Wednesday, January 5, 2011

Find Top N : Solution 1

The problem is described here. Server-side Javascript in XPages in IBM Lotus Domino offers a function @Unique.

Let S strings be stored in an Array names. Passing this to @Unique returns uniqueNames. Let topNames stores the top N strings with highest occurrence count found so far in descending order of occurrence and topCount keeps track of respective occurrence count.
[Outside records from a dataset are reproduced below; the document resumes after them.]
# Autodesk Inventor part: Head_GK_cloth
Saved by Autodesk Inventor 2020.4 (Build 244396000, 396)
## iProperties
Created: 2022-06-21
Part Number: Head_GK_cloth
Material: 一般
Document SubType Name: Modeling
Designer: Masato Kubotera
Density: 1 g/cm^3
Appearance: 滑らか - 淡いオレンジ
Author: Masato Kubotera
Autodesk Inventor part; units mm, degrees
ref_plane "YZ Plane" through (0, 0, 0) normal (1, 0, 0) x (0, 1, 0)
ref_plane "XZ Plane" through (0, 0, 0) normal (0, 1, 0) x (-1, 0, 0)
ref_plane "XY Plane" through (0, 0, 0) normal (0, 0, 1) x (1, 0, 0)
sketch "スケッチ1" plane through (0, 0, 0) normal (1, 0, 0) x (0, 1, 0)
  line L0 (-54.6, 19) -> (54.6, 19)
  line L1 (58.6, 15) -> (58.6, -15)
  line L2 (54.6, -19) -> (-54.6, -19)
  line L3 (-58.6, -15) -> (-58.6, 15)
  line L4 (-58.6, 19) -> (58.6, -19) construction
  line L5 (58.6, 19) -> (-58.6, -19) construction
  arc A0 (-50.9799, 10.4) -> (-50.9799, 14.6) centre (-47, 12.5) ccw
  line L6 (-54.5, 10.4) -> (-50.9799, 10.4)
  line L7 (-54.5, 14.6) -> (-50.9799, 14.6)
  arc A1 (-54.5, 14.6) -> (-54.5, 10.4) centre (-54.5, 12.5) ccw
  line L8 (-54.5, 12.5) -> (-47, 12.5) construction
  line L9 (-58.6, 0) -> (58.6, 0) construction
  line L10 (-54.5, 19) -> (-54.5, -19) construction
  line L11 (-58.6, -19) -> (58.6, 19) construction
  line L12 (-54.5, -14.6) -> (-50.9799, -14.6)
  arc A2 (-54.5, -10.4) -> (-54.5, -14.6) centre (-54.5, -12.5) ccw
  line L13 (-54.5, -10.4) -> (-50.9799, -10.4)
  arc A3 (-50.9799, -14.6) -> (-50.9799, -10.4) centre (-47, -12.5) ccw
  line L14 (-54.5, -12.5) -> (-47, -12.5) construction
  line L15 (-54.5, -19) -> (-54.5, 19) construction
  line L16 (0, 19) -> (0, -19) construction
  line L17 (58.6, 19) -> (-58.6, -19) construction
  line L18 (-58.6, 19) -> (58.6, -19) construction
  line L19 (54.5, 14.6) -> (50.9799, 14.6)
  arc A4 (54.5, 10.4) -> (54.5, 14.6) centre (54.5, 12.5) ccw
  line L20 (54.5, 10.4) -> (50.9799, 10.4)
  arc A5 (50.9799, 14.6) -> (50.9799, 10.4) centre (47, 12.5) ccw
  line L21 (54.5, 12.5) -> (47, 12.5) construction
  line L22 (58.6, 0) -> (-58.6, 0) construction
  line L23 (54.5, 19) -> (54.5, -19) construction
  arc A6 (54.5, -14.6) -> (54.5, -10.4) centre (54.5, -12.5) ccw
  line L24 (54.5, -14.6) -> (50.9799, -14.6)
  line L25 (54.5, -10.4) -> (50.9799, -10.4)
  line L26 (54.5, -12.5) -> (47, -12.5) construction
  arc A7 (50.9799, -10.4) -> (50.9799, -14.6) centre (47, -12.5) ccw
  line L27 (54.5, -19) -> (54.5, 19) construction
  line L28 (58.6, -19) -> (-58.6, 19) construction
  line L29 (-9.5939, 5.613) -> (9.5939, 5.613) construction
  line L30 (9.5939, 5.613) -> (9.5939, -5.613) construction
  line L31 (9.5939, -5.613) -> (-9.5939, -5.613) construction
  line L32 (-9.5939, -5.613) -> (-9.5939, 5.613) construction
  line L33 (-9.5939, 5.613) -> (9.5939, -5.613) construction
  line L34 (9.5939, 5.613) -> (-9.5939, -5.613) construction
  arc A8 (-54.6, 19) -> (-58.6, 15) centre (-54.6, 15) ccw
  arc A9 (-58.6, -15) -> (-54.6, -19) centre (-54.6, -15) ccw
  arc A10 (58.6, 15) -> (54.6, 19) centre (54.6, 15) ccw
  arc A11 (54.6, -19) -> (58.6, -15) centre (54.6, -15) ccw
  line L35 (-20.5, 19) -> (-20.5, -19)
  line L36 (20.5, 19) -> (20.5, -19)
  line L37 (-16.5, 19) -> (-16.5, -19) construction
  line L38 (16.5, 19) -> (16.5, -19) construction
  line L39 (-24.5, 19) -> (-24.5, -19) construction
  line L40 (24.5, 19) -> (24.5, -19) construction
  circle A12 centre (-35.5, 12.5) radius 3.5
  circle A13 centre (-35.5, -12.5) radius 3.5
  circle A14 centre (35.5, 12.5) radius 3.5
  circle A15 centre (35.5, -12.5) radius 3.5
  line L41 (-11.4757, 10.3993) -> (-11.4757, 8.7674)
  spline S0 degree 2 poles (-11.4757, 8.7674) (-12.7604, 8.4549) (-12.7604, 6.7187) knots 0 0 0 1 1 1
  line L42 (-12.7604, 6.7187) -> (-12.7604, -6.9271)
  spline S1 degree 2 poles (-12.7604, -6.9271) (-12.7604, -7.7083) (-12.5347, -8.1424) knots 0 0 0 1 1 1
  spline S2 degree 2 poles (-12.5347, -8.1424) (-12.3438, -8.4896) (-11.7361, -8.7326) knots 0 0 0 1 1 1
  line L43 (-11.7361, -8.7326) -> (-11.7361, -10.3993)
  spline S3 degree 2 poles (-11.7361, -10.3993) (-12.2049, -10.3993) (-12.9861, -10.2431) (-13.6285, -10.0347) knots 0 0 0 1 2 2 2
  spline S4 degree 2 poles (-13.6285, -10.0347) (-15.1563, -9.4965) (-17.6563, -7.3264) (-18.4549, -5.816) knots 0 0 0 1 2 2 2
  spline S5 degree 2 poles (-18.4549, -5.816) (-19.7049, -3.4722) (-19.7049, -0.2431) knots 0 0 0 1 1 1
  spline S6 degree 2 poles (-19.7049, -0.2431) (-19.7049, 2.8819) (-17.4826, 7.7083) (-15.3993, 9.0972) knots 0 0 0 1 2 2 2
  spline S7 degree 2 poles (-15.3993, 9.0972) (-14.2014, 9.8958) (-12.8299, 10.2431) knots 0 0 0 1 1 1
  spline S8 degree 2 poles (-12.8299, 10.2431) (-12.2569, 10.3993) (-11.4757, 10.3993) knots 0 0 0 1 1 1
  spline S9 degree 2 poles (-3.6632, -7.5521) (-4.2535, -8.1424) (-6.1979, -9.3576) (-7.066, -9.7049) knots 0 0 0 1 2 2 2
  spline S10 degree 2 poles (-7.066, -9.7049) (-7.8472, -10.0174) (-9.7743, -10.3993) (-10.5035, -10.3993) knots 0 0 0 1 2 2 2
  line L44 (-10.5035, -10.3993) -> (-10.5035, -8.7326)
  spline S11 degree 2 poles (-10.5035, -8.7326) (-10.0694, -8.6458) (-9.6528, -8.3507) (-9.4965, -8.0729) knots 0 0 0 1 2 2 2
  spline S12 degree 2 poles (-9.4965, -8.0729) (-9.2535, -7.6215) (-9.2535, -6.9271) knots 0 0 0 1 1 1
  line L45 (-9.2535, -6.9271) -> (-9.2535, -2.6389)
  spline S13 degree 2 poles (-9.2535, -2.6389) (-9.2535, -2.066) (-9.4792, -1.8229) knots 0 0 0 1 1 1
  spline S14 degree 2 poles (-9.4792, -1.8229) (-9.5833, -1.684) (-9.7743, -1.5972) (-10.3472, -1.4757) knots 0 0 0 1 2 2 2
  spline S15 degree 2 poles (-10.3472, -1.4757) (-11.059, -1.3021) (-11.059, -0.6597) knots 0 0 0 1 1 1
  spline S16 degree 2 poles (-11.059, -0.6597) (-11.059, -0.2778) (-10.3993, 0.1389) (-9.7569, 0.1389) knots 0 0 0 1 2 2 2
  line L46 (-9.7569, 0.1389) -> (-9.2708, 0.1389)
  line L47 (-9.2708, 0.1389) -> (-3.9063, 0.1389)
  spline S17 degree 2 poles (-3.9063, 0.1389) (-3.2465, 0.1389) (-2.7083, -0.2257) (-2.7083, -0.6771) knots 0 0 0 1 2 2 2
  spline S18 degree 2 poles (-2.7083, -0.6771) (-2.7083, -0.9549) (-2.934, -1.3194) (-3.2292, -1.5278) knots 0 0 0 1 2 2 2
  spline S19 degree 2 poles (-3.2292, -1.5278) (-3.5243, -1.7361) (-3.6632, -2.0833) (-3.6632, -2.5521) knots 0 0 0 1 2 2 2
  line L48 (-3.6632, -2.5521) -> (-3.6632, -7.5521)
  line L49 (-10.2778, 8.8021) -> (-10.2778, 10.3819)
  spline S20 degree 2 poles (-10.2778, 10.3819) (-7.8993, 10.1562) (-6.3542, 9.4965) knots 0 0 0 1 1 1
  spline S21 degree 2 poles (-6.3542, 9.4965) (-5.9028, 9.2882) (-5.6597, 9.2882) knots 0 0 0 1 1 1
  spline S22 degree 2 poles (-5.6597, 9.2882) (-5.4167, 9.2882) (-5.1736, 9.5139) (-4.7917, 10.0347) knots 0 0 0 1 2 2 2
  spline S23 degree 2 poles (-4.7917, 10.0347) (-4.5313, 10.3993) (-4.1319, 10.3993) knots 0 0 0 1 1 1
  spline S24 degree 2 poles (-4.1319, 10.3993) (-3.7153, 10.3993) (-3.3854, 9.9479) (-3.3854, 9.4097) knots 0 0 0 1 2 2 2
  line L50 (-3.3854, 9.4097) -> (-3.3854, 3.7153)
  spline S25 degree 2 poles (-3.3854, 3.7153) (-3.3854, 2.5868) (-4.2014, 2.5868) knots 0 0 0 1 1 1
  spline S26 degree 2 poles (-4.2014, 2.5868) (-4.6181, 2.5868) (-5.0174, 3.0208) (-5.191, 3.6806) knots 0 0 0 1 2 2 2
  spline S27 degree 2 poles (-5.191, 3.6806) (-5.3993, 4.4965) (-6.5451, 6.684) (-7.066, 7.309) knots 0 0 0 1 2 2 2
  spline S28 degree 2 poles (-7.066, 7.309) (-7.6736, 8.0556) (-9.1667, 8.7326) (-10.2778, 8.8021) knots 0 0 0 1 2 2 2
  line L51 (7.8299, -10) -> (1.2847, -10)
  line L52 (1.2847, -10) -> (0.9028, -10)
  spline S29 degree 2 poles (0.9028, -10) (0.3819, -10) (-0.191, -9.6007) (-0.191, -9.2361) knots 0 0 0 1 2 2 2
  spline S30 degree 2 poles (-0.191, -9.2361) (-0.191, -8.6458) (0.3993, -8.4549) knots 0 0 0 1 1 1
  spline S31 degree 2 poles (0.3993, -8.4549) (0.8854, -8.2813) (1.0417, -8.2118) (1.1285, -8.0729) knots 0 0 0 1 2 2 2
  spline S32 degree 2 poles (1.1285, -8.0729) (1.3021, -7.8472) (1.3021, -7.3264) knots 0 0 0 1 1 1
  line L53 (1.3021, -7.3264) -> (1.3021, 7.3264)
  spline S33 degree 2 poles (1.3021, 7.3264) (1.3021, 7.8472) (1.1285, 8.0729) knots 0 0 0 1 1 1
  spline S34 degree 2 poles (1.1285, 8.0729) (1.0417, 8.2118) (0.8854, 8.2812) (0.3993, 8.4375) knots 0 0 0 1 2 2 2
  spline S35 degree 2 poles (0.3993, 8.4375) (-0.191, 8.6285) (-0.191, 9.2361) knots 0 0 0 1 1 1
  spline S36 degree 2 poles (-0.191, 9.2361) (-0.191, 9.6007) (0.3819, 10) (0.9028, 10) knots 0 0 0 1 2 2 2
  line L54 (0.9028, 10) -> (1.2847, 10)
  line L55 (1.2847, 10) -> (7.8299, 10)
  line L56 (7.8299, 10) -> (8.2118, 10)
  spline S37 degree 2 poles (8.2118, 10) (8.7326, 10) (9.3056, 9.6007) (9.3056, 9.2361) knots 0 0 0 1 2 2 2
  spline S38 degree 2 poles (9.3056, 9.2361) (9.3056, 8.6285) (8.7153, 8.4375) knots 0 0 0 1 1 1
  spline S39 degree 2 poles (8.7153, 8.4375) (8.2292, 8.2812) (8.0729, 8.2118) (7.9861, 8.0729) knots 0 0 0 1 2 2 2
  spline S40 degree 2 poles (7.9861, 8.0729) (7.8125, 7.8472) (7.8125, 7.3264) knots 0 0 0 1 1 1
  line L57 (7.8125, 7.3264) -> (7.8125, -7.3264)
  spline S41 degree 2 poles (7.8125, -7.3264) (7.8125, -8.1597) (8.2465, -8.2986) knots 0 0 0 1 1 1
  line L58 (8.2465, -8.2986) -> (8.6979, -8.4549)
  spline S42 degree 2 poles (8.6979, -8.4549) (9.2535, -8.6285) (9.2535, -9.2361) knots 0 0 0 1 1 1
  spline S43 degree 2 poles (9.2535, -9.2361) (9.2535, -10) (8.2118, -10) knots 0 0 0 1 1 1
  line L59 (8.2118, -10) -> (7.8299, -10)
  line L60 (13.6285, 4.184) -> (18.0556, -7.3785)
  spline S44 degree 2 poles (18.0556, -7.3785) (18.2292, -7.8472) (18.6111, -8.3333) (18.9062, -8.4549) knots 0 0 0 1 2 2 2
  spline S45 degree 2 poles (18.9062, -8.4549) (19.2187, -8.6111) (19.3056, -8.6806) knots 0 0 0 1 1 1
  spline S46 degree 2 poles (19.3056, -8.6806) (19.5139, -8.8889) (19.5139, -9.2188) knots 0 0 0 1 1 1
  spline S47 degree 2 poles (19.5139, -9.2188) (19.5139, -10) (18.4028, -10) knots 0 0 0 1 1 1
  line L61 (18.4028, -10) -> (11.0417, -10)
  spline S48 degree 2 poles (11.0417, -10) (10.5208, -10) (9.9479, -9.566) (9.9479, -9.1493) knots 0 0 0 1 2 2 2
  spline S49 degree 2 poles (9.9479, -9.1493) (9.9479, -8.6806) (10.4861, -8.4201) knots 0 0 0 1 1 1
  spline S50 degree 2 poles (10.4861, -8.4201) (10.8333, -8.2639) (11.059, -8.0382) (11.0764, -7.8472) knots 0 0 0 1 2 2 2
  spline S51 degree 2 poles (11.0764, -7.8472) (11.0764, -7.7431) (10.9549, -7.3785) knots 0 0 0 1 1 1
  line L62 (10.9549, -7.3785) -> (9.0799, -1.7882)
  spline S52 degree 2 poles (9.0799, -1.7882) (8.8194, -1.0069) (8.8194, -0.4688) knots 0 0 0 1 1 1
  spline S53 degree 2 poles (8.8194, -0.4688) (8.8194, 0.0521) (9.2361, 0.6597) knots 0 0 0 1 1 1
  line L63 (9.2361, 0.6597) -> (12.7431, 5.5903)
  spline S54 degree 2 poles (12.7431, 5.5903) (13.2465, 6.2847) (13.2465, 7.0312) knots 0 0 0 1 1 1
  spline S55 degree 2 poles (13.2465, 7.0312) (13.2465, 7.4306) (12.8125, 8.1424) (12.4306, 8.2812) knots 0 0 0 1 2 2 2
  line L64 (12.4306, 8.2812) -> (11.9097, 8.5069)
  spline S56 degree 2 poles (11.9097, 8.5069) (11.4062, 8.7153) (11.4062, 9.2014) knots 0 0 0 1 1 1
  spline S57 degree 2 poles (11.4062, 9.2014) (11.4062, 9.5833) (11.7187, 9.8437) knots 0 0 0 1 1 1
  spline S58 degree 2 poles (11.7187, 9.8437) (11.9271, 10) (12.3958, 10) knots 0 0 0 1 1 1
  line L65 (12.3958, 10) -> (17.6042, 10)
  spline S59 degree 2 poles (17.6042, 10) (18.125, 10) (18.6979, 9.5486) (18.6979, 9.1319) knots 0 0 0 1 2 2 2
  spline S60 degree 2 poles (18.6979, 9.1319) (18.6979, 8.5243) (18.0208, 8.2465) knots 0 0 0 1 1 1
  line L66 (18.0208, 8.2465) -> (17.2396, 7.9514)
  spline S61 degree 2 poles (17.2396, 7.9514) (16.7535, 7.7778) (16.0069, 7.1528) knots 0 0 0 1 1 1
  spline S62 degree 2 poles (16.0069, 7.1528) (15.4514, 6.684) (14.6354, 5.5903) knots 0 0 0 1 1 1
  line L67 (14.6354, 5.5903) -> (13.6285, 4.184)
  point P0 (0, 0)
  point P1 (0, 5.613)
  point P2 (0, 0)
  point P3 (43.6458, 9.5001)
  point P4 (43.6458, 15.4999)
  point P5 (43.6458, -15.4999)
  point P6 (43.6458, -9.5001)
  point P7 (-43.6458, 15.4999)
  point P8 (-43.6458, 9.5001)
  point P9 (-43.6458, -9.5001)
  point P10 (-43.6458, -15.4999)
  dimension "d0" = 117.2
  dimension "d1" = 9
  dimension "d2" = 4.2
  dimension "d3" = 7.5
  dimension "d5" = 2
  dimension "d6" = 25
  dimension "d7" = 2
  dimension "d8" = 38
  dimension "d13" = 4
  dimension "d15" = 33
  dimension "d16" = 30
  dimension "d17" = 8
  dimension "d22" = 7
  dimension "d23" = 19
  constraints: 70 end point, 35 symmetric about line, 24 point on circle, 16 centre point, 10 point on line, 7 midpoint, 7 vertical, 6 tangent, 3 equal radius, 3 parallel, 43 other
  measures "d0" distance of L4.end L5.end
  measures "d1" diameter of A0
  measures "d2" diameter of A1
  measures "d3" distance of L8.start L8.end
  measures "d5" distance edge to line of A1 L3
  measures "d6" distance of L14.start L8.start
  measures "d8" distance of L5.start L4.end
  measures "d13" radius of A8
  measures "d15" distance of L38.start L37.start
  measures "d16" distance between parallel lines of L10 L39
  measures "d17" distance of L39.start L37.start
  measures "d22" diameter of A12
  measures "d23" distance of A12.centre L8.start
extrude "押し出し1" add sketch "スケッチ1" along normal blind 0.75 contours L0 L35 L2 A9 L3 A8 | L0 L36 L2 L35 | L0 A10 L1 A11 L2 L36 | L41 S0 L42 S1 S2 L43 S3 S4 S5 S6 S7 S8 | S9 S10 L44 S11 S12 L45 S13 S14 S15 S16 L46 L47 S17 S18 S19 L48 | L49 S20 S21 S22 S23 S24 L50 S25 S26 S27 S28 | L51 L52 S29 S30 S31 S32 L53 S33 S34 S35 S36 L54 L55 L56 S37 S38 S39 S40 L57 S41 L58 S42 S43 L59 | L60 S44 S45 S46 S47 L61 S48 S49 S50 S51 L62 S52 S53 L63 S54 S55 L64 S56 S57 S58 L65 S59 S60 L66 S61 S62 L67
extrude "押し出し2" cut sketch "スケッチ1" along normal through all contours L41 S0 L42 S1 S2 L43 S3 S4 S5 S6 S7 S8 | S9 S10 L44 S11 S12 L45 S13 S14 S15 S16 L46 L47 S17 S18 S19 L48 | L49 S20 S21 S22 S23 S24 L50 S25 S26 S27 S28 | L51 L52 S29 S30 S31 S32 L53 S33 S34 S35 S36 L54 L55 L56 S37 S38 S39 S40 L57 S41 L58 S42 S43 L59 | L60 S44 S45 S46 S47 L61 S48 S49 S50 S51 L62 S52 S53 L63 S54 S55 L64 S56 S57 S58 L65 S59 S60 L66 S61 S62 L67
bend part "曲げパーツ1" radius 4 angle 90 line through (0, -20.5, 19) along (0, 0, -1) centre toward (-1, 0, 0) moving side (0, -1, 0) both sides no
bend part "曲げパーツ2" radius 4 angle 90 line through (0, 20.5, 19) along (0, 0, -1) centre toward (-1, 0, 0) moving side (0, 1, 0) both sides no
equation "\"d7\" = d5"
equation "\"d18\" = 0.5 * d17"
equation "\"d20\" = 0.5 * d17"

Following is the rest of the algorithm.

For each string u in uniqueNames
Begin
   Initialize uniqueCount to 0
   For each string n in names
      if n matches u, increase uniqueCount
   For each count c in topCount
      if uniqueCount is greater than c
      Begin
         move all the elements in topNames and topCount back by one
         insert uniqueCount in topCount and u in topNames
      End
End

Since I don't have complexity numbers for @Unique, I take the worst case and assume it to be of $ O(S^2) $. After that the above algorithm is executed which, if all the strings are unique, take $O(S \times (S+N))$ time. So the time complexity of this algorithm is $ O(S \times (S+N)) $. In most of the practical scenarios, $S >> N$, so the time complexity can be assumed to be $O(S^2)$. Space complexity is $O(S + N)$.

Tuesday, January 4, 2011

Find Top N

I am putting a problem here that I am currently working on:

You are given a list of S strings. Find the top N strings with the highest occurrence count from this list.

e.g. Let the list of strings be [ "xyz", "pqr", "abc", "xyz", "abc", "xyz", "lmn" ]
The top 2 strings are ["xyz" # 3, "abc" # 2] where number after the hash gives the count of occurrence.

I am working on the problem in server-side JavaScript that is used in XPages technology in IBM Lotus Domino. I already have found two solutions which I will discuss in next posts.

Updated: Solution 1, Solution 2 and Solution 3 (the optimal) are available.

Code Complete by Steve McConnell : Chapter 3

The author focuses on WIMP-Why isn't Marry Programming? or WISCA-Why Isn't Sam Coding Anything? syndrome where programmers do not understand the importance of preparation and prerequisites. There are two main reasons for this:

  • The programmers themselves can't resist the urge to begin coding
  • The managers are unsympathetic towards programmers who spend time on construction prerequisites.
The author enlists following prerequisites to be met before construction can be started:
  • Problem Definition Prerequisite: There should be a clear statement of the problem the system is supposed to solve. The problem definition should be in user language and is without any reference to possible solutions.
  • Requirements Prerequisite: Explicit requirements help achieve two things
    • End user can review and agree to requirements and the programmer has a clear view of what user wants.
    • They help avoid arguments.
    Requirements are never stable and a typical project does experience 25% change in requirements during development. The author also provides a check-list to ensure that the requirements are content-rich, high-quality and complete.
  • Architecture Prerequisite: The quality of the architecture determines the conceptual integrity of the system which in turn determines the ultimate quality of the system. An architecture should
    • describe the system in broad terms.
    • consider alternatives and provide reasons why one particular organization was chosen.
    • define major modules with well-defined interface.
    • show possible enhancements and that the effect of them is limited to small number of modules.
    • provide reasons for not using off-the-shelf components.
    • describe the major files, tables and data-structures to be used.
    • describe or reference algorithms used and provide reasons why alternatives were not used.
    • specify user interface.
    • specify memory management.
    • specify a strategy to consistently handle errors.
    • clearly specify the degree of robustness and fault-tolerance of the software and what will be the response of the software in case of critical errors.
    • provide a strategy how the software will handle internationalization.
    • provide estimates of speed and memory use of the software.
    The author also provides a list of issues a good architecture would address.
  • Programming Language Prerequisite: Before construction begins, programming conventions should be spelled out.